**Records for the exercise**
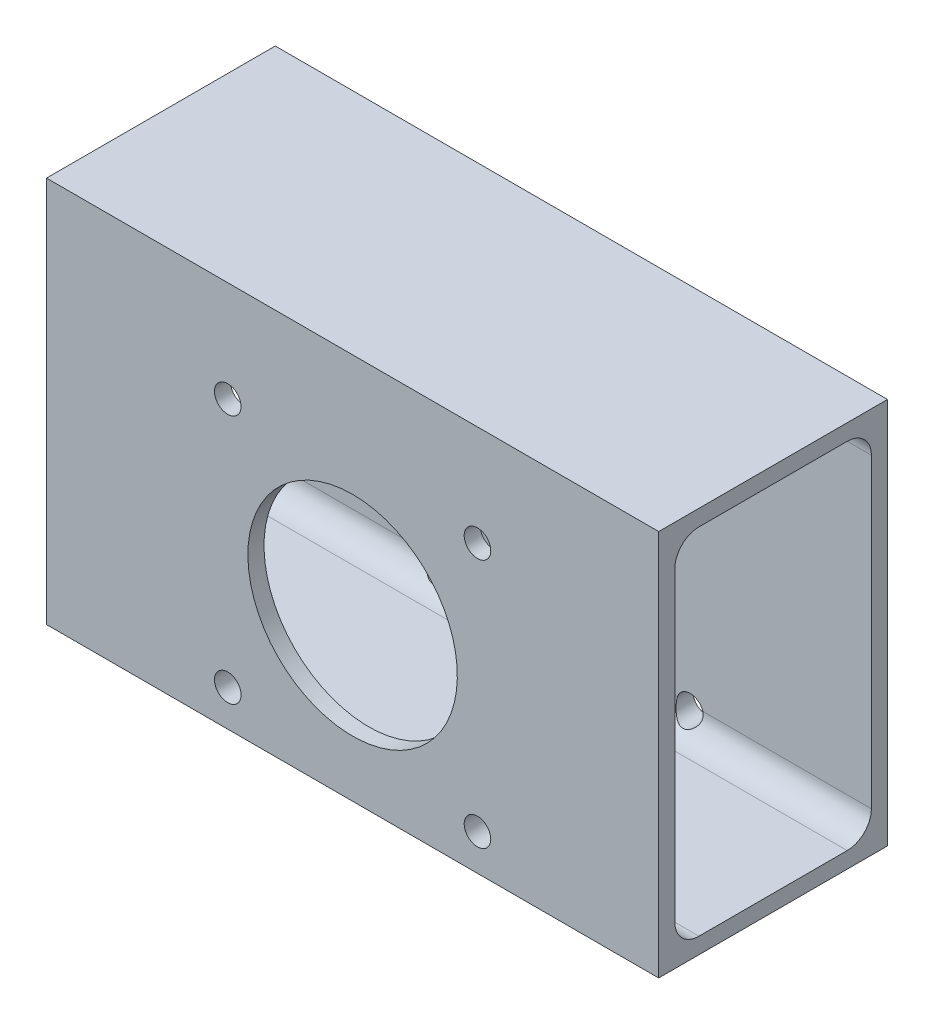
SolidWorks part; units mm, degrees
ref_plane "Front Plane" through (0, 0, 0) normal (0, 0, 1) x (1, 0, 0)
ref_plane "Top Plane" through (0, 0, 0) normal (0, 1, 0) x (1, 0, 0)
ref_plane "Right Plane" through (0, 0, 0) normal (1, 0, 0) x (0, 0, -1)
sketch "ｽｹｯﾁ1" plane through (0, 0, 0) normal (0, 0, 1) x (1, 0, 0)
  line L6 (-38, 0) -> (38, 0)
  line L8 (-38, 0) -> (-38, -48)
  line L9 (-38, -48) -> (38, -48)
  line L10 (38, 0) -> (38, -48)
  circle A0 centre (0, -28) radius 13
  circle A1 centre (-15.5, -43.5) radius 1.65 construction
  circle A2 centre (15.5, -43.5) radius 1.65 construction
  circle A3 centre (-15.5, -12.5) radius 1.65 construction
  circle A4 centre (15.5, -12.5) radius 1.65 construction
  circle A5 centre (-15.5, -43.5) radius 1.65
  circle A6 centre (15.5, -43.5) radius 1.65
  circle A7 centre (-15.5, -12.5) radius 1.65
  circle A8 centre (15.5, -12.5) radius 1.65
  point P0 (0, -28)
  dimension "D1" = 26
extrude "ﾎﾞｽ - 押し出し1" add sketch "ｽｹｯﾁ1" along normal up to surface (28.4 mm away)
sketch "ｽｹｯﾁ2" plane through (0, -48, 0) normal (0, -1, 0) x (1, 0, 0)
  line L0 (-38, 11.6214) -> (38, 11.6214) construction
  line L1 (-38, 28.4) -> (-38, 0) construction
  line L2 (38, 28.4) -> (38, 0) construction
  text T0 "野ウサギ v0.0" font "Meiryo" height in points 20
extrude "ﾎﾞｽ - 押し出し3" add sketch "ｽｹｯﾁ2" along normal blind 1
sketch "ｽｹｯﾁ3" plane through (-38, 0, 0) normal (-1, 0, 0) x (0, 0, 1)
  line L8 (2, -46) -> (26.4, -46)
  line L9 (26.4, -46) -> (26.4, -2)
  line L10 (26.4, -2) -> (2, -2)
  line L11 (2, -2) -> (2, -46)
  line L12 (5, -46) -> (23.4, -46)
  line L13 (26.4, -43) -> (26.4, -5)
  line L14 (23.4, -2) -> (5, -2)
  line L15 (2, -5) -> (2, -43)
  arc A0 (5, -46) -> (2, -43) centre (5, -43) cw
  arc A1 (23.4, -46) -> (26.4, -43) centre (23.4, -43) ccw
  arc A2 (26.4, -5) -> (23.4, -2) centre (23.4, -5) ccw
  arc A3 (5, -2) -> (2, -5) centre (5, -5) ccw
  dimension "D2" = 3
  dimension "D1" = 2
extrude "ｶｯﾄ - 押し出し1" cut sketch "ｽｹｯﾁ3" against normal through all

**Instructions to follow**
The expected result is every line from the material above that includes "through".

**Exercise answer**
ref_plane "Front Plane" through (0, 0, 0) normal (0, 0, 1) x (1, 0, 0)
ref_plane "Top Plane" through (0, 0, 0) normal (0, 1, 0) x (1, 0, 0)
ref_plane "Right Plane" through (0, 0, 0) normal (1, 0, 0) x (0, 0, -1)
sketch "ｽｹｯﾁ1" plane through (0, 0, 0) normal (0, 0, 1) x (1, 0, 0)
sketch "ｽｹｯﾁ2" plane through (0, -48, 0) normal (0, -1, 0) x (1, 0, 0)
sketch "ｽｹｯﾁ3" plane through (-38, 0, 0) normal (-1, 0, 0) x (0, 0, 1)
extrude "ｶｯﾄ - 押し出し1" cut sketch "ｽｹｯﾁ3" against normal through all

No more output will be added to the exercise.